= What you need to do =
Go through the entries below and pick out every line with "edges".

= Recorded information =
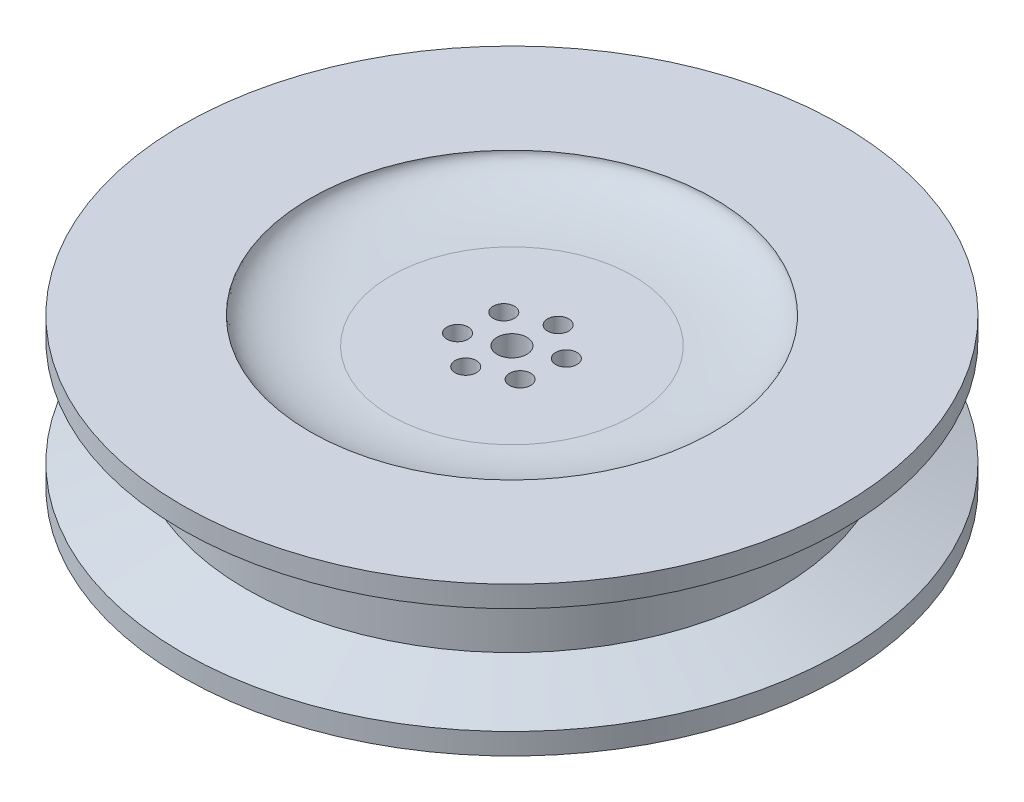
SolidWorks part; units mm, degrees
ref_plane "Front Plane" through (0, 0, 0) normal (0, 0, 1) x (1, 0, 0)
ref_plane "Top Plane" through (0, 0, 0) normal (0, 1, 0) x (1, 0, 0)
ref_plane "Right Plane" through (0, 0, 0) normal (1, 0, 0) x (0, 0, -1)
sketch "Sketch2" plane through (0, 0, 0) normal (0, 0, 1) x (1, 0, 0)
  line L0 (0, 6.2236) -> (0, -4.5788) construction
  line L1 (-1.4, 9.635) -> (-1.4, 0.635)
  line L2 (-1.4, 5.135) -> (-31.5388, 5.135) construction
  line L3 (-25, 2.32) -> (-25, 7.95)
  line L5 (-31, 10.135) -> (-25, 7.95)
  line L6 (-31, 0.135) -> (-25, 2.32)
  line L7 (-31, 10.135) -> (-31, 12.135)
  line L8 (-31, 0.135) -> (-31, -1.865)
  line L9 (-31, 12.135) -> (-19, 12.135)
  line L10 (-31, -1.865) -> (-19, -1.865)
  line L11 (-11.4, 12.135) -> (-11.4, -1.865) construction
  line L14 (-11.4, 9.635) -> (-1.4, 9.635)
  line L18 (-11.4, 0.635) -> (-1.4, 0.635)
  ellipse E0 centre (-11.4, -1.865) end of major axis (-19, -1.865) minor radius 2.5 (-11.4, 0.635) -> (-19, -1.865) ccw
  ellipse E1 centre (-11.4, 12.135) end of major axis (-19, 12.135) minor radius 2.5 (-19, 12.135) -> (-11.4, 9.635) ccw
  point P10 (-25, 5.135)
  point P13 (-31, 5.135)
  dimension "D1" = 1.4
  dimension "D3" = 5.63
  dimension "D4" = 23.6
  dimension "D5" = 10
  dimension "D6" = 2
  dimension "D7" = 2
  dimension "D8" = 12
  dimension "D11" = 10
revolve "Revolve1" add sketch "Sketch2" angle 360 about L0
sketch "Sketch3" plane through (0, 9.635, 0) normal (0, 1, 0) x (1, 0, 0)
  circle A0 centre (-3.115, 2.3466) radius 1
  circle A1 centre (0, 0) radius 1.4 construction
  circle A2 centre (0.4747, 3.871) radius 1
  circle A3 centre (3.5897, 1.5244) radius 1
  circle A4 centre (3.115, -2.3466) radius 1
  circle A5 centre (-0.4747, -3.871) radius 1
  circle A6 centre (-3.5897, -1.5244) radius 1
  point P16 (0, 0)
  dimension "D1" = 3.9
  dimension "D2" = 6
extrude "Cut-Extrude1" cut sketch "Sketch3" against normal blind 10
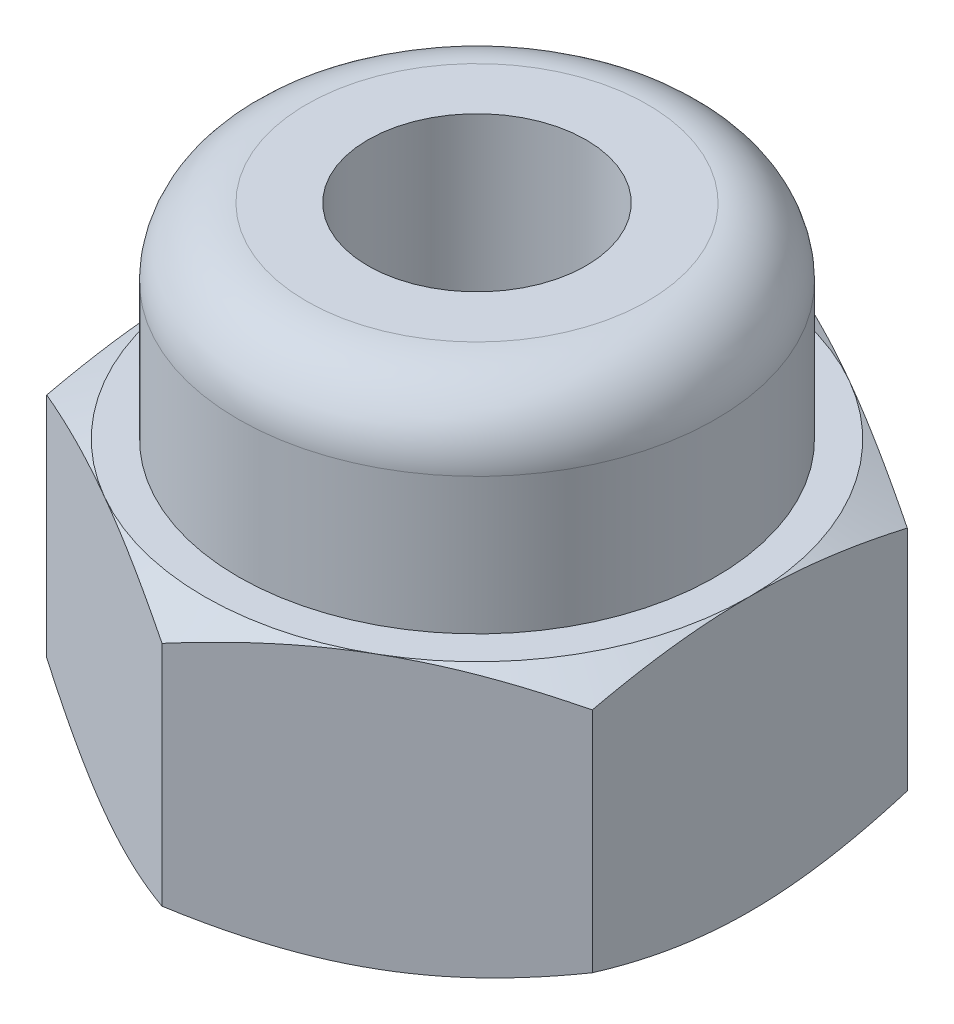
SolidWorks part; units mm, degrees
material "AISI 321 退火不锈钢 (SS)"
ref_plane "前视基准面" through (0, 0, 0) normal (0, 0, 1) x (1, 0, 0)
ref_plane "上视基准面" through (0, 0, 0) normal (0, 1, 0) x (1, 0, 0)
ref_plane "右视基准面" through (0, 0, 0) normal (1, 0, 0) x (0, 0, -1)
other "Configuration Table"
sketch "草图1" plane through (0, 0, 0) normal (0, 1, 0) x (1, 0, 0)
  line L1 (2, 1.1547) -> (0, 2.3094)
  line L2 (0, 2.3094) -> (-2, 1.1547)
  line L3 (-2, 1.1547) -> (-2, -1.1547)
  line L4 (-2, -1.1547) -> (0, -2.3094)
  line L5 (0, -2.3094) -> (2, -1.1547)
  line L6 (2, -1.1547) -> (2, 1.1547)
  circle A0 centre (0, 0) radius 2 construction
  dimension "D1" = 4
extrude "凸台-拉伸1" add sketch "草图1" along normal blind 2
sketch "草图2" plane through (0, 2, 0) normal (0, 1, 0) x (1, 0, 0)
  circle A0 centre (0, 0) radius 1.75
  dimension "D1" = 3.5
extrude "凸台-拉伸2" add sketch "草图2" along normal blind 1.5
fillet "圆角1" radius 0.5 1 edges at (0, 3.5, 1.75)
sketch "草图3" plane through (0, 0, 0) normal (0, -1, 0) x (1, 0, 0)
  circle A0 centre (0, 0) radius 0.8
  dimension "D1" = 1.6
extrude "切除-拉伸1" cut sketch "草图3" against normal blind 3.5
cosmetic thread "装饰螺纹线1" parameters "D2"=3
sketch "草图4" plane through (0, 0, 0) normal (0, 0, 1) x (1, 0, 0)
  line L0 (3.4542, 0) -> (3.4542, 0.8841)
  line L1 (0, 0) -> (2, 0) construction
  line L2 (2, 2) -> (2, 0) construction
  line L3 (3.4542, 0.8841) -> (2, 0)
  line L4 (2, 0) -> (3.4542, 0)
  line L5 (0, 0) -> (0, 0.8841) construction
  line L6 (0, 2) -> (0, 0) construction
  line L7 (2, 2) -> (3.4542, 2)
  line L8 (3.4542, 2) -> (3.4542, 1.3288)
  line L9 (3.4542, 1.3288) -> (2, 2)
revolve "切除-旋转1" cut sketch "草图4" angle 360 about L5
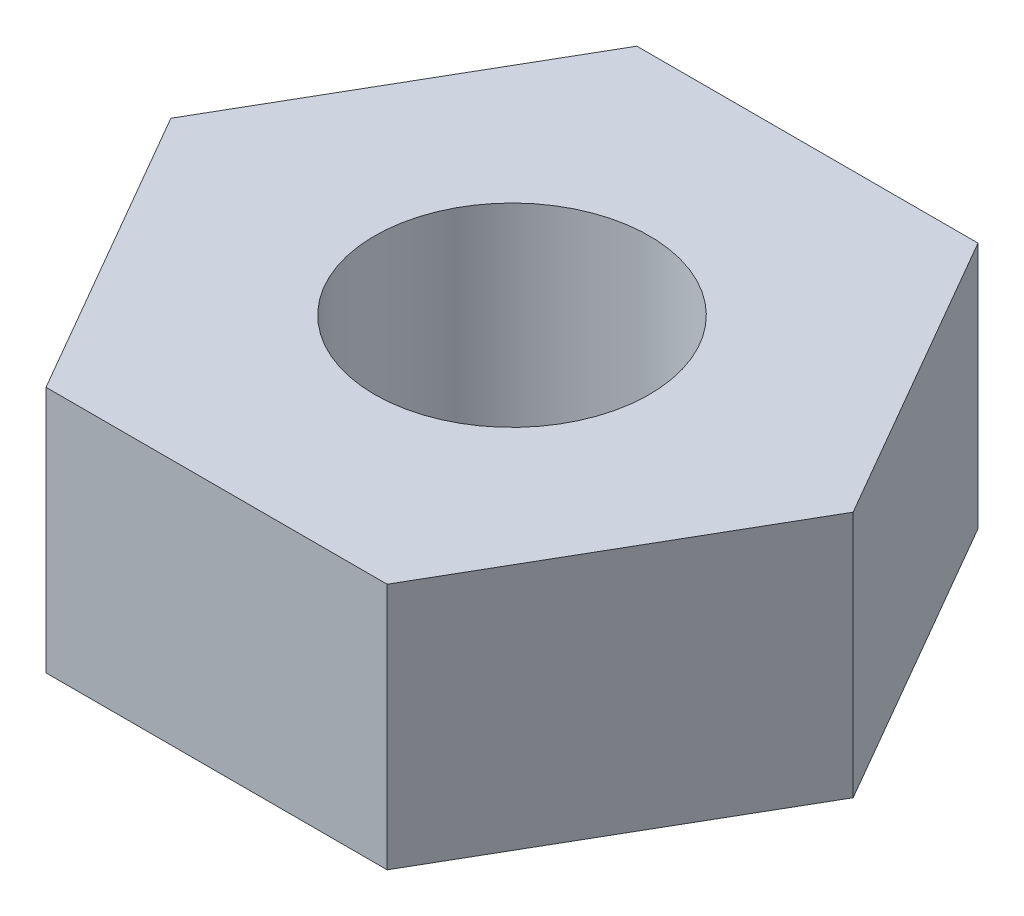
SolidWorks part; units mm, degrees
ref_plane "Front Plane" through (0, 0, 0) normal (0, 0, 1) x (1, 0, 0)
ref_plane "Top Plane" through (0, 0, 0) normal (0, 1, 0) x (1, 0, 0)
ref_plane "Right Plane" through (0, 0, 0) normal (1, 0, 0) x (0, 0, -1)
sketch "Sketch1" plane through (0, 0, 0) normal (0, 1, 0) x (1, 0, 0)
  line L1 (4.9652, 0) -> (2.4826, 4.3)
  line L2 (2.4826, 4.3) -> (-2.4826, 4.3)
  line L3 (-2.4826, 4.3) -> (-4.9652, 0)
  line L4 (-4.9652, 0) -> (-2.4826, -4.3)
  line L5 (-2.4826, -4.3) -> (2.4826, -4.3)
  line L6 (2.4826, -4.3) -> (4.9652, 0)
  circle A0 centre (0, 0) radius 4.3 construction
  circle A1 centre (0, 0) radius 2
  dimension "D1" = 8.6
  dimension "D2" = 4
extrude "Boss-Extrude1" add sketch "Sketch1" along normal blind 3.6
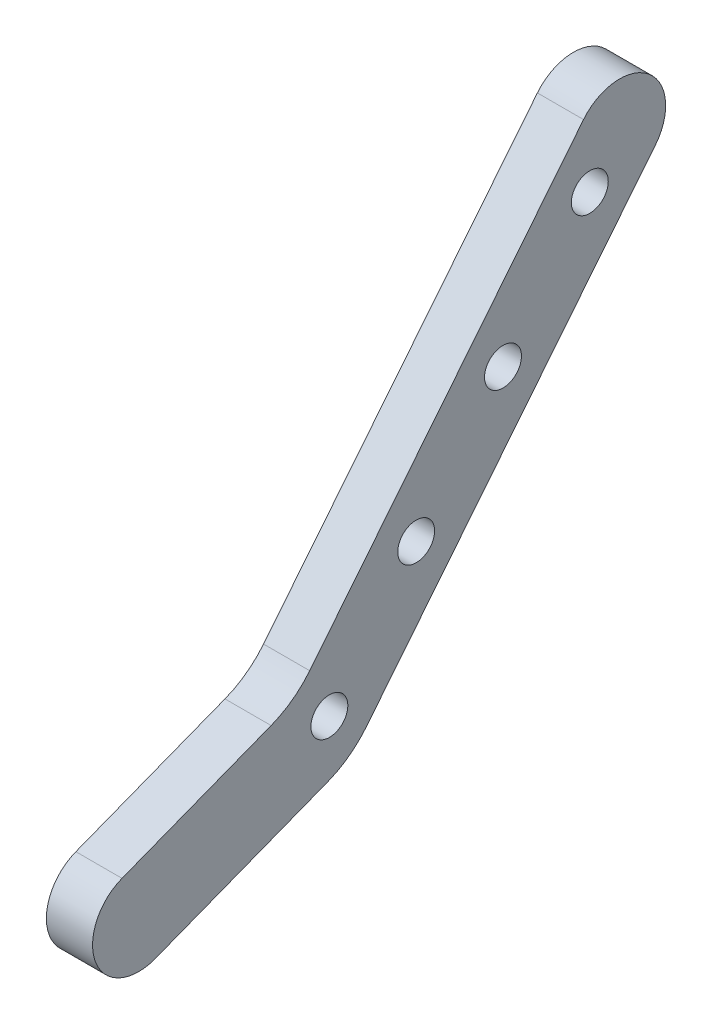
SolidWorks part; units mm, degrees
ref_plane "Front Plane" through (0, 0, 0) normal (0, 0, 1) x (1, 0, 0)
ref_plane "Top Plane" through (0, 0, 0) normal (0, 1, 0) x (1, 0, 0)
ref_plane "Right Plane" through (0, 0, 0) normal (1, 0, 0) x (0, 0, -1)
sketch "Sketch1" plane through (0, 0, 0) normal (1, 0, 0) x (0, 0, -1)
  line L6 (0, 0) -> (32.1834, 40) construction
  line L7 (0, 0) -> (-19.8982, -7.7102) construction
  line L8 (3.8956, -3.1344) -> (36.079, 36.8656)
  line L9 (-3.0558, 4.1782) -> (28.2878, 43.1344)
  line L10 (-3.0558, 4.1782) -> (-21.7047, -3.0479)
  line L11 (1.8065, -4.6622) -> (-18.0917, -12.3724)
  line L12 (-1.8065, 4.6622) -> (-21.7047, -3.0479) construction
  line L13 (-3.8956, 3.1344) -> (28.2878, 43.1344) construction
  line L14 (3.8956, -3.1344) -> (3.0558, -4.1782)
  line L15 (1.8065, -4.6622) -> (3.0558, -4.1782)
  arc A2 (-21.7047, -3.0479) -> (-18.0917, -12.3724) centre (-19.8982, -7.7102) ccw
  arc A3 (28.2878, 43.1344) -> (36.079, 36.8656) centre (32.1834, 40) cw
  dimension "D1" = 50
  dimension "D2" = 20
  dimension "D8" = 40
  dimension "D3" = 150
  dimension "D4" = 5
  dimension "D5" = 5
  dimension "D6" = 5
  dimension "D7" = 5
extrude "Boss-Extrude1" add sketch "Sketch1" along normal blind 5
sketch "Sketch2" plane through (5, 0, 0) normal (1, 0, 0) x (0, 0, -1)
  line L0 (0, 0) -> (32.1834, 40) construction
  circle A0 centre (28.965, 36) radius 2
  circle A1 centre (19.562, 24.3131) radius 2
  circle A2 centre (10.1589, 12.6263) radius 2
  circle A3 centre (0.7559, 0.9394) radius 2
  dimension "D1" = 4
  dimension "D2" = 4
  dimension "D3" = 4
extrude "Cut-Extrude1" cut sketch "Sketch2" against normal blind 5
fillet "Fillet1" radius 10 1 edges at (2.5, 4.1782, 3.0558)
fillet "Fillet2" radius 10 1 edges at (2.5, -4.1782, -3.0558)

= Exercise answer =
fillet "圆角1" radius 0.5 1 edges at (0, 3.5, 1.75)
fillet "Fillet1" radius 10 1 edges at (2.5, 4.1782, 3.0558)
fillet "Fillet2" radius 10 1 edges at (2.5, -4.1782, -3.0558)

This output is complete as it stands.